In the records below, begin at the line that has "#136=LINE('',#135,#134);" and stop after the line that has "#157=DIRECTION('',(-1.,0.,0.));"; quote those lines verbatim and nothing more.

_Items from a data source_
*** Block opens ***

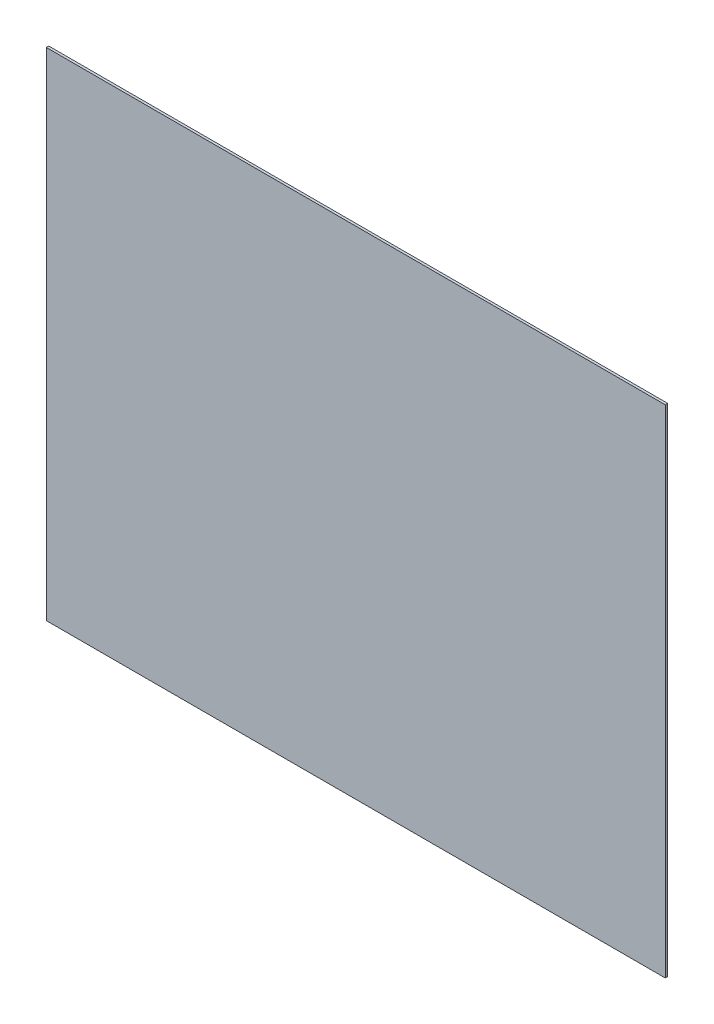
ISO-10303-21;
HEADER;
FILE_DESCRIPTION(('STEP AP214'),'2;1');
FILE_NAME('part.step','',(''),(''),'','','');
FILE_SCHEMA(('AUTOMOTIVE_DESIGN { 1 0 10303 214 1 1 1 1 }'));
ENDSEC;
DATA;
#1=APPLICATION_CONTEXT('core data for automotive mechanical design processes');
#2=APPLICATION_PROTOCOL_DEFINITION('international standard','automotive_design',2000,#1);
#3=PRODUCT_CONTEXT('',#1,'mechanical');
#4=PRODUCT('Part','Part','',(#3));
#5=PRODUCT_RELATED_PRODUCT_CATEGORY('part','',(#4));
#6=PRODUCT_DEFINITION_FORMATION('','',#4);
#7=PRODUCT_DEFINITION_CONTEXT('part definition',#1,'design');
#8=PRODUCT_DEFINITION('design','',#6,#7);
#9=PRODUCT_DEFINITION_SHAPE('','',#8);
#10=(LENGTH_UNIT() NAMED_UNIT(*) SI_UNIT(.MILLI.,.METRE.));
#11=(NAMED_UNIT(*) PLANE_ANGLE_UNIT() SI_UNIT($,.RADIAN.));
#12=(NAMED_UNIT(*) SI_UNIT($,.STERADIAN.) SOLID_ANGLE_UNIT());
#13=UNCERTAINTY_MEASURE_WITH_UNIT(LENGTH_MEASURE(1.E-05),#10,'distance_accuracy_value','');
#14=(GEOMETRIC_REPRESENTATION_CONTEXT(3) GLOBAL_UNCERTAINTY_ASSIGNED_CONTEXT((#13)) GLOBAL_UNIT_ASSIGNED_CONTEXT((#10,
#11,#12)) REPRESENTATION_CONTEXT('',''));
#15=CARTESIAN_POINT('',(0.,0.,0.));
#16=DIRECTION('',(0.,0.,1.));
#17=DIRECTION('',(1.,0.,0.));
#18=AXIS2_PLACEMENT_3D('',#15,#16,#17);
#19=CARTESIAN_POINT('',(405.,35.,-403.));
#20=DIRECTION('',(1.,0.,0.));
#21=DIRECTION('',(0.,1.,0.));
#22=AXIS2_PLACEMENT_3D('',#19,#20,#21);
#23=PLANE('',#22);
#24=DIRECTION('',(0.,-1.,0.));
#25=VECTOR('',#24,1.);
#26=CARTESIAN_POINT('',(405.,35.,-405.));
#27=LINE('',#26,#25);
#28=CARTESIAN_POINT('',(405.,35.,-405.));
#29=VERTEX_POINT('',#28);
#30=CARTESIAN_POINT('',(405.,-370.,-405.));
#31=VERTEX_POINT('',#30);
#32=EDGE_CURVE('E102',#29,#31,#27,.T.);
#33=ORIENTED_EDGE('',*,*,#32,.F.);
#34=DIRECTION('',(0.,0.,-1.));
#35=VECTOR('',#34,1.);
#36=CARTESIAN_POINT('',(405.,35.,-403.));
#37=LINE('',#36,#35);
#38=CARTESIAN_POINT('',(405.,35.,-403.));
#39=VERTEX_POINT('',#38);
#40=EDGE_CURVE('E11',#39,#29,#37,.T.);
#41=ORIENTED_EDGE('',*,*,#40,.F.);
#42=DIRECTION('',(0.,-1.,0.));
#43=VECTOR('',#42,1.);
#44=CARTESIAN_POINT('',(405.,35.,-403.));
#45=LINE('',#44,#43);
#46=CARTESIAN_POINT('',(405.,-370.,-403.));
#47=VERTEX_POINT('',#46);
#48=EDGE_CURVE('E96',#39,#47,#45,.T.);
#49=ORIENTED_EDGE('',*,*,#48,.T.);
#50=DIRECTION('',(0.,0.,-1.));
#51=VECTOR('',#50,1.);
#52=CARTESIAN_POINT('',(405.,-370.,-403.));
#53=LINE('',#52,#51);
#54=EDGE_CURVE('E41',#47,#31,#53,.T.);
#55=ORIENTED_EDGE('',*,*,#54,.T.);
#56=EDGE_LOOP('',(#33,#41,#49,#55));
#57=FACE_BOUND('',#56,.T.);
#58=ADVANCED_FACE('F38',(#57),#23,.T.);
#59=CARTESIAN_POINT('',(-100.,35.,-403.));
#60=DIRECTION('',(0.,1.,0.));
#61=DIRECTION('',(-1.,0.,0.));
#62=AXIS2_PLACEMENT_3D('',#59,#60,#61);
#63=PLANE('',#62);
#64=DIRECTION('',(1.,0.,0.));
#65=VECTOR('',#64,1.);
#66=CARTESIAN_POINT('',(-100.,35.,-405.));
#67=LINE('',#66,#65);
#68=CARTESIAN_POINT('',(-100.,35.,-405.));
#69=VERTEX_POINT('',#68);
#70=EDGE_CURVE('E98',#69,#29,#67,.T.);
#71=ORIENTED_EDGE('',*,*,#70,.F.);
#72=DIRECTION('',(0.,0.,-1.));
#73=VECTOR('',#72,1.);
#74=CARTESIAN_POINT('',(-100.,35.,-403.));
#75=LINE('',#74,#73);
#76=CARTESIAN_POINT('',(-100.,35.,-403.));
#77=VERTEX_POINT('',#76);
#78=EDGE_CURVE('E47',#77,#69,#75,.T.);
#79=ORIENTED_EDGE('',*,*,#78,.F.);
#80=DIRECTION('',(1.,0.,0.));
#81=VECTOR('',#80,1.);
#82=CARTESIAN_POINT('',(-100.,35.,-403.));
#83=LINE('',#82,#81);
#84=EDGE_CURVE('E93',#77,#39,#83,.T.);
#85=ORIENTED_EDGE('',*,*,#84,.T.);
#86=ORIENTED_EDGE('',*,*,#40,.T.);
#87=EDGE_LOOP('',(#71,#79,#85,#86));
#88=FACE_BOUND('',#87,.T.);
#89=ADVANCED_FACE('F112',(#88),#63,.T.);
#90=CARTESIAN_POINT('',(-100.,-370.,-403.));
#91=DIRECTION('',(-1.,0.,0.));
#92=DIRECTION('',(0.,0.,1.));
#93=AXIS2_PLACEMENT_3D('',#90,#91,#92);
#94=PLANE('',#93);
#95=DIRECTION('',(0.,1.,0.));
#96=VECTOR('',#95,1.);
#97=CARTESIAN_POINT('',(-100.,-370.,-405.));
#98=LINE('',#97,#96);
#99=CARTESIAN_POINT('',(-100.,-370.,-405.));
#100=VERTEX_POINT('',#99);
#101=EDGE_CURVE('E88',#100,#69,#98,.T.);
#102=ORIENTED_EDGE('',*,*,#101,.F.);
#103=DIRECTION('',(0.,0.,-1.));
#104=VECTOR('',#103,1.);
#105=CARTESIAN_POINT('',(-100.,-370.,-403.));
#106=LINE('',#105,#104);
#107=CARTESIAN_POINT('',(-100.,-370.,-403.));
#108=VERTEX_POINT('',#107);
#109=EDGE_CURVE('E83',#108,#100,#106,.T.);
#110=ORIENTED_EDGE('',*,*,#109,.F.);
#111=DIRECTION('',(0.,1.,0.));
#112=VECTOR('',#111,1.);
#113=CARTESIAN_POINT('',(-100.,-370.,-403.));
#114=LINE('',#113,#112);
#115=EDGE_CURVE('E86',#108,#77,#114,.T.);
#116=ORIENTED_EDGE('',*,*,#115,.T.);
#117=ORIENTED_EDGE('',*,*,#78,.T.);
#118=EDGE_LOOP('',(#102,#110,#116,#117));
#119=FACE_BOUND('',#118,.T.);
#120=ADVANCED_FACE('F85',(#119),#94,.T.);
#121=CARTESIAN_POINT('',(405.,-370.,-403.));
#122=DIRECTION('',(0.,-1.,0.));
#123=DIRECTION('',(0.,0.,-1.));
#124=AXIS2_PLACEMENT_3D('',#121,#122,#123);
#125=PLANE('',#124);
#126=DIRECTION('',(-1.,0.,0.));
#127=VECTOR('',#126,1.);
#128=CARTESIAN_POINT('',(405.,-370.,-405.));
#129=LINE('',#128,#127);
#130=EDGE_CURVE('E105',#31,#100,#129,.T.);
#131=ORIENTED_EDGE('',*,*,#130,.F.);
#132=ORIENTED_EDGE('',*,*,#54,.F.);
#133=DIRECTION('',(-1.,0.,0.));
#134=VECTOR('',#133,1.);
#135=CARTESIAN_POINT('',(405.,-370.,-403.));
#136=LINE('',#135,#134);
#137=EDGE_CURVE('E92',#47,#108,#136,.T.);
#138=ORIENTED_EDGE('',*,*,#137,.T.);
#139=ORIENTED_EDGE('',*,*,#109,.T.);
#140=EDGE_LOOP('',(#131,#132,#138,#139));
#141=FACE_BOUND('',#140,.T.);
#142=ADVANCED_FACE('F95',(#141),#125,.T.);
#143=CARTESIAN_POINT('',(0.,0.,-403.));
#144=DIRECTION('',(0.,0.,-1.));
#145=DIRECTION('',(-1.,0.,0.));
#146=AXIS2_PLACEMENT_3D('',#143,#144,#145);
#147=PLANE('',#146);
#148=ORIENTED_EDGE('',*,*,#48,.F.);
#149=ORIENTED_EDGE('',*,*,#84,.F.);
#150=ORIENTED_EDGE('',*,*,#115,.F.);
#151=ORIENTED_EDGE('',*,*,#137,.F.);
#152=EDGE_LOOP('',(#148,#149,#150,#151));
#153=FACE_BOUND('',#152,.T.);
#154=ADVANCED_FACE('F91',(#153),#147,.F.);
#155=CARTESIAN_POINT('',(0.,0.,-405.));
#156=DIRECTION('',(0.,0.,-1.));
#157=DIRECTION('',(-1.,0.,0.));
#158=AXIS2_PLACEMENT_3D('',#155,#156,#157);
#159=PLANE('',#158);
#160=ORIENTED_EDGE('',*,*,#32,.T.);
#161=ORIENTED_EDGE('',*,*,#130,.T.);
#162=ORIENTED_EDGE('',*,*,#101,.T.);
#163=ORIENTED_EDGE('',*,*,#70,.T.);
#164=EDGE_LOOP('',(#160,#161,#162,#163));
#165=FACE_BOUND('',#164,.T.);
#166=ADVANCED_FACE('F111',(#165),#159,.T.);
#167=CLOSED_SHELL('',(#58,#89,#120,#142,#154,#166));
#168=MANIFOLD_SOLID_BREP('B2',#167);
#169=ADVANCED_BREP_SHAPE_REPRESENTATION('',(#18,#168),#14);
#170=SHAPE_DEFINITION_REPRESENTATION(#9,#169);
ENDSEC;
END-ISO-10303-21;
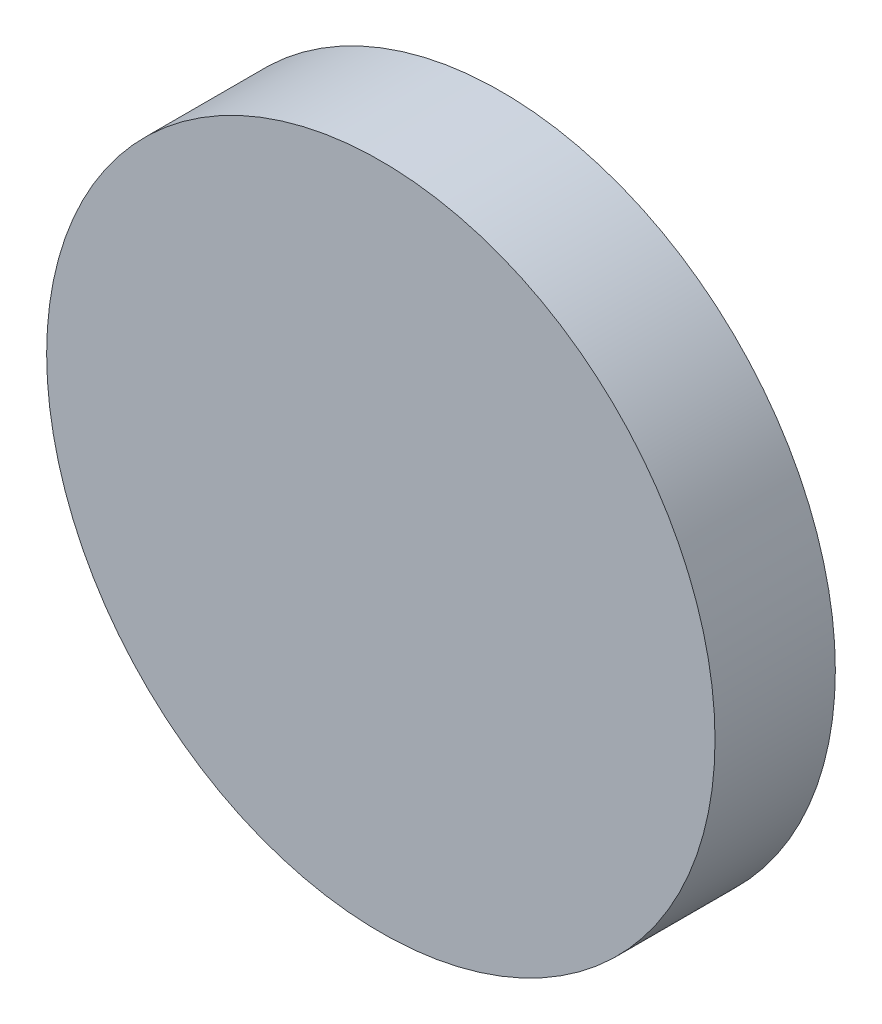
ISO-10303-21;
HEADER;
FILE_DESCRIPTION(('STEP AP214'),'2;1');
FILE_NAME('part.step','',(''),(''),'','','');
FILE_SCHEMA(('AUTOMOTIVE_DESIGN { 1 0 10303 214 1 1 1 1 }'));
ENDSEC;
DATA;
#1=APPLICATION_CONTEXT('core data for automotive mechanical design processes');
#2=APPLICATION_PROTOCOL_DEFINITION('international standard','automotive_design',2000,#1);
#3=PRODUCT_CONTEXT('',#1,'mechanical');
#4=PRODUCT('Part','Part','',(#3));
#5=PRODUCT_RELATED_PRODUCT_CATEGORY('part','',(#4));
#6=PRODUCT_DEFINITION_FORMATION('','',#4);
#7=PRODUCT_DEFINITION_CONTEXT('part definition',#1,'design');
#8=PRODUCT_DEFINITION('design','',#6,#7);
#9=PRODUCT_DEFINITION_SHAPE('','',#8);
#10=(LENGTH_UNIT() NAMED_UNIT(*) SI_UNIT(.MILLI.,.METRE.));
#11=(NAMED_UNIT(*) PLANE_ANGLE_UNIT() SI_UNIT($,.RADIAN.));
#12=(NAMED_UNIT(*) SI_UNIT($,.STERADIAN.) SOLID_ANGLE_UNIT());
#13=UNCERTAINTY_MEASURE_WITH_UNIT(LENGTH_MEASURE(1.E-05),#10,'distance_accuracy_value','');
#14=(GEOMETRIC_REPRESENTATION_CONTEXT(3) GLOBAL_UNCERTAINTY_ASSIGNED_CONTEXT((#13)) GLOBAL_UNIT_ASSIGNED_CONTEXT((#10,
#11,#12)) REPRESENTATION_CONTEXT('',''));
#15=CARTESIAN_POINT('',(0.,0.,0.));
#16=DIRECTION('',(0.,0.,1.));
#17=DIRECTION('',(1.,0.,0.));
#18=AXIS2_PLACEMENT_3D('',#15,#16,#17);
#19=CARTESIAN_POINT('',(0.,0.,33.));
#20=DIRECTION('',(0.,0.,-1.));
#21=DIRECTION('',(-1.,0.,0.));
#22=AXIS2_PLACEMENT_3D('',#19,#20,#21);
#23=CYLINDRICAL_SURFACE('',#22,97.);
#24=CARTESIAN_POINT('',(0.,0.,33.));
#25=DIRECTION('',(0.,0.,1.));
#26=DIRECTION('',(1.,0.,0.));
#27=AXIS2_PLACEMENT_3D('',#24,#25,#26);
#28=CIRCLE('',#27,97.);
#29=CARTESIAN_POINT('',(97.,0.,33.));
#30=VERTEX_POINT('',#29);
#31=EDGE_CURVE('E123',#30,#30,#28,.T.);
#32=ORIENTED_EDGE('',*,*,#31,.T.);
#33=EDGE_LOOP('',(#32));
#34=FACE_BOUND('',#33,.T.);
#35=CARTESIAN_POINT('',(0.,0.,0.));
#36=DIRECTION('',(0.,0.,1.));
#37=DIRECTION('',(1.,0.,0.));
#38=AXIS2_PLACEMENT_3D('',#35,#36,#37);
#39=CIRCLE('',#38,97.);
#40=CARTESIAN_POINT('',(-96.7470929795826,-7.,0.));
#41=VERTEX_POINT('',#40);
#42=CARTESIAN_POINT('',(-96.7470929795826,7.,0.));
#43=VERTEX_POINT('',#42);
#44=EDGE_CURVE('E102',#41,#43,#39,.T.);
#45=ORIENTED_EDGE('',*,*,#44,.F.);
#46=DIRECTION('',(0.,0.,-1.));
#47=VECTOR('',#46,1.);
#48=CARTESIAN_POINT('',(-96.7470929795826,-7.,33.));
#49=LINE('',#48,#47);
#50=CARTESIAN_POINT('',(-96.7470929795826,-7.,4.));
#51=VERTEX_POINT('',#50);
#52=EDGE_CURVE('E11',#41,#51,#49,.F.);
#53=ORIENTED_EDGE('',*,*,#52,.T.);
#54=CARTESIAN_POINT('',(0.,0.,4.));
#55=DIRECTION('',(0.,0.,-1.));
#56=DIRECTION('',(-1.,0.,0.));
#57=AXIS2_PLACEMENT_3D('',#54,#55,#56);
#58=CIRCLE('',#57,97.);
#59=CARTESIAN_POINT('',(-96.7470929795826,7.,4.));
#60=VERTEX_POINT('',#59);
#61=EDGE_CURVE('E67',#51,#60,#58,.T.);
#62=ORIENTED_EDGE('',*,*,#61,.T.);
#63=DIRECTION('',(0.,0.,-1.));
#64=VECTOR('',#63,1.);
#65=CARTESIAN_POINT('',(-96.7470929795826,7.,33.));
#66=LINE('',#65,#64);
#67=EDGE_CURVE('E53',#60,#43,#66,.T.);
#68=ORIENTED_EDGE('',*,*,#67,.T.);
#69=EDGE_LOOP('',(#45,#53,#62,#68));
#70=FACE_BOUND('',#69,.T.);
#71=ADVANCED_FACE('F44',(#34,#70),#23,.F.);
#72=CARTESIAN_POINT('',(0.,0.,36.));
#73=DIRECTION('',(0.,0.,-1.));
#74=DIRECTION('',(-1.,0.,0.));
#75=AXIS2_PLACEMENT_3D('',#72,#73,#74);
#76=CYLINDRICAL_SURFACE('',#75,100.);
#77=CARTESIAN_POINT('',(0.,0.,36.));
#78=DIRECTION('',(0.,0.,1.));
#79=DIRECTION('',(1.,0.,0.));
#80=AXIS2_PLACEMENT_3D('',#77,#78,#79);
#81=CIRCLE('',#80,100.);
#82=CARTESIAN_POINT('',(100.,0.,36.));
#83=VERTEX_POINT('',#82);
#84=EDGE_CURVE('E135',#83,#83,#81,.T.);
#85=ORIENTED_EDGE('',*,*,#84,.F.);
#86=EDGE_LOOP('',(#85));
#87=FACE_BOUND('',#86,.T.);
#88=CARTESIAN_POINT('',(0.,0.,0.));
#89=DIRECTION('',(0.,0.,1.));
#90=DIRECTION('',(1.,0.,0.));
#91=AXIS2_PLACEMENT_3D('',#88,#89,#90);
#92=CIRCLE('',#91,100.);
#93=CARTESIAN_POINT('',(100.,0.,0.));
#94=VERTEX_POINT('',#93);
#95=EDGE_CURVE('E129',#94,#94,#92,.T.);
#96=ORIENTED_EDGE('',*,*,#95,.T.);
#97=EDGE_LOOP('',(#96));
#98=FACE_BOUND('',#97,.T.);
#99=ADVANCED_FACE('F50',(#87,#98),#76,.T.);
#100=CARTESIAN_POINT('',(0.,0.,36.));
#101=DIRECTION('',(0.,0.,1.));
#102=DIRECTION('',(1.,0.,0.));
#103=AXIS2_PLACEMENT_3D('',#100,#101,#102);
#104=PLANE('',#103);
#105=ORIENTED_EDGE('',*,*,#84,.T.);
#106=EDGE_LOOP('',(#105));
#107=FACE_BOUND('',#106,.T.);
#108=ADVANCED_FACE('F159',(#107),#104,.T.);
#109=CARTESIAN_POINT('',(0.,0.,0.));
#110=DIRECTION('',(0.,0.,1.));
#111=DIRECTION('',(1.,0.,0.));
#112=AXIS2_PLACEMENT_3D('',#109,#110,#111);
#113=PLANE('',#112);
#114=ORIENTED_EDGE('',*,*,#44,.T.);
#115=DIRECTION('',(-1.,0.,0.));
#116=VECTOR('',#115,1.);
#117=CARTESIAN_POINT('',(-98.,7.,0.));
#118=LINE('',#117,#116);
#119=CARTESIAN_POINT('',(-98.,7.,0.));
#120=VERTEX_POINT('',#119);
#121=EDGE_CURVE('E90',#43,#120,#118,.T.);
#122=ORIENTED_EDGE('',*,*,#121,.T.);
#123=DIRECTION('',(0.,-1.,0.));
#124=VECTOR('',#123,1.);
#125=CARTESIAN_POINT('',(-98.,-7.,0.));
#126=LINE('',#125,#124);
#127=CARTESIAN_POINT('',(-98.,-7.,0.));
#128=VERTEX_POINT('',#127);
#129=EDGE_CURVE('E98',#120,#128,#126,.T.);
#130=ORIENTED_EDGE('',*,*,#129,.T.);
#131=DIRECTION('',(1.,0.,0.));
#132=VECTOR('',#131,1.);
#133=CARTESIAN_POINT('',(-98.,-7.,0.));
#134=LINE('',#133,#132);
#135=EDGE_CURVE('E104',#128,#41,#134,.T.);
#136=ORIENTED_EDGE('',*,*,#135,.T.);
#137=EDGE_LOOP('',(#114,#122,#130,#136));
#138=FACE_BOUND('',#137,.T.);
#139=ORIENTED_EDGE('',*,*,#95,.F.);
#140=EDGE_LOOP('',(#139));
#141=FACE_BOUND('',#140,.T.);
#142=ADVANCED_FACE('F107',(#138,#141),#113,.F.);
#143=CARTESIAN_POINT('',(0.,0.,33.));
#144=DIRECTION('',(0.,0.,1.));
#145=DIRECTION('',(1.,0.,0.));
#146=AXIS2_PLACEMENT_3D('',#143,#144,#145);
#147=PLANE('',#146);
#148=ORIENTED_EDGE('',*,*,#31,.F.);
#149=EDGE_LOOP('',(#148));
#150=FACE_BOUND('',#149,.T.);
#151=ADVANCED_FACE('F162',(#150),#147,.F.);
#152=CARTESIAN_POINT('',(-98.,-7.,4.));
#153=DIRECTION('',(1.,0.,0.));
#154=DIRECTION('',(0.,0.,-1.));
#155=AXIS2_PLACEMENT_3D('',#152,#153,#154);
#156=PLANE('',#155);
#157=ORIENTED_EDGE('',*,*,#129,.F.);
#158=DIRECTION('',(0.,0.,-1.));
#159=VECTOR('',#158,1.);
#160=CARTESIAN_POINT('',(-98.,7.,4.));
#161=LINE('',#160,#159);
#162=CARTESIAN_POINT('',(-98.,7.,4.));
#163=VERTEX_POINT('',#162);
#164=EDGE_CURVE('E83',#163,#120,#161,.T.);
#165=ORIENTED_EDGE('',*,*,#164,.F.);
#166=DIRECTION('',(0.,-1.,0.));
#167=VECTOR('',#166,1.);
#168=CARTESIAN_POINT('',(-98.,-7.,4.));
#169=LINE('',#168,#167);
#170=CARTESIAN_POINT('',(-98.,-7.,4.));
#171=VERTEX_POINT('',#170);
#172=EDGE_CURVE('E115',#163,#171,#169,.T.);
#173=ORIENTED_EDGE('',*,*,#172,.T.);
#174=DIRECTION('',(0.,0.,-1.));
#175=VECTOR('',#174,1.);
#176=CARTESIAN_POINT('',(-98.,-7.,4.));
#177=LINE('',#176,#175);
#178=EDGE_CURVE('E94',#171,#128,#177,.T.);
#179=ORIENTED_EDGE('',*,*,#178,.T.);
#180=EDGE_LOOP('',(#157,#165,#173,#179));
#181=FACE_BOUND('',#180,.T.);
#182=ADVANCED_FACE('F97',(#181),#156,.T.);
#183=CARTESIAN_POINT('',(-98.,-7.,4.));
#184=DIRECTION('',(0.,1.,0.));
#185=DIRECTION('',(0.,0.,1.));
#186=AXIS2_PLACEMENT_3D('',#183,#184,#185);
#187=PLANE('',#186);
#188=ORIENTED_EDGE('',*,*,#135,.F.);
#189=ORIENTED_EDGE('',*,*,#178,.F.);
#190=DIRECTION('',(1.,0.,0.));
#191=VECTOR('',#190,1.);
#192=CARTESIAN_POINT('',(-98.,-7.,4.));
#193=LINE('',#192,#191);
#194=EDGE_CURVE('E116',#171,#51,#193,.T.);
#195=ORIENTED_EDGE('',*,*,#194,.T.);
#196=ORIENTED_EDGE('',*,*,#52,.F.);
#197=EDGE_LOOP('',(#188,#189,#195,#196));
#198=FACE_BOUND('',#197,.T.);
#199=ADVANCED_FACE('F141',(#198),#187,.T.);
#200=CARTESIAN_POINT('',(-98.,7.,4.));
#201=DIRECTION('',(0.,-1.,0.));
#202=DIRECTION('',(0.,0.,-1.));
#203=AXIS2_PLACEMENT_3D('',#200,#201,#202);
#204=PLANE('',#203);
#205=DIRECTION('',(-1.,0.,0.));
#206=VECTOR('',#205,1.);
#207=CARTESIAN_POINT('',(-98.,7.,4.));
#208=LINE('',#207,#206);
#209=EDGE_CURVE('E64',#60,#163,#208,.T.);
#210=ORIENTED_EDGE('',*,*,#209,.T.);
#211=ORIENTED_EDGE('',*,*,#164,.T.);
#212=ORIENTED_EDGE('',*,*,#121,.F.);
#213=ORIENTED_EDGE('',*,*,#67,.F.);
#214=EDGE_LOOP('',(#210,#211,#212,#213));
#215=FACE_BOUND('',#214,.T.);
#216=ADVANCED_FACE('F87',(#215),#204,.T.);
#217=CARTESIAN_POINT('',(0.,0.,4.));
#218=DIRECTION('',(0.,0.,-1.));
#219=DIRECTION('',(-1.,0.,0.));
#220=AXIS2_PLACEMENT_3D('',#217,#218,#219);
#221=PLANE('',#220);
#222=ORIENTED_EDGE('',*,*,#194,.F.);
#223=ORIENTED_EDGE('',*,*,#172,.F.);
#224=ORIENTED_EDGE('',*,*,#209,.F.);
#225=ORIENTED_EDGE('',*,*,#61,.F.);
#226=EDGE_LOOP('',(#222,#223,#224,#225));
#227=FACE_BOUND('',#226,.T.);
#228=ADVANCED_FACE('F145',(#227),#221,.T.);
#229=CLOSED_SHELL('',(#71,#99,#108,#142,#151,#182,#199,#216,#228));
#230=MANIFOLD_SOLID_BREP('B2',#229);
#231=ADVANCED_BREP_SHAPE_REPRESENTATION('',(#18,#230),#14);
#232=SHAPE_DEFINITION_REPRESENTATION(#9,#231);
ENDSEC;
END-ISO-10303-21;

*** Block closes ***

_EXPECTED ANSWER_
#136=LINE('',#135,#134);
#137=EDGE_CURVE('E92',#47,#108,#136,.T.);
#138=ORIENTED_EDGE('',*,*,#137,.T.);
#139=ORIENTED_EDGE('',*,*,#109,.T.);
#140=EDGE_LOOP('',(#131,#132,#138,#139));
#141=FACE_BOUND('',#140,.T.);
#142=ADVANCED_FACE('F95',(#141),#125,.T.);
#143=CARTESIAN_POINT('',(0.,0.,-403.));
#144=DIRECTION('',(0.,0.,-1.));
#145=DIRECTION('',(-1.,0.,0.));
#146=AXIS2_PLACEMENT_3D('',#143,#144,#145);
#147=PLANE('',#146);
#148=ORIENTED_EDGE('',*,*,#48,.F.);
#149=ORIENTED_EDGE('',*,*,#84,.F.);
#150=ORIENTED_EDGE('',*,*,#115,.F.);
#151=ORIENTED_EDGE('',*,*,#137,.F.);
#152=EDGE_LOOP('',(#148,#149,#150,#151));
#153=FACE_BOUND('',#152,.T.);
#154=ADVANCED_FACE('F91',(#153),#147,.F.);
#155=CARTESIAN_POINT('',(0.,0.,-405.));
#156=DIRECTION('',(0.,0.,-1.));
#157=DIRECTION('',(-1.,0.,0.));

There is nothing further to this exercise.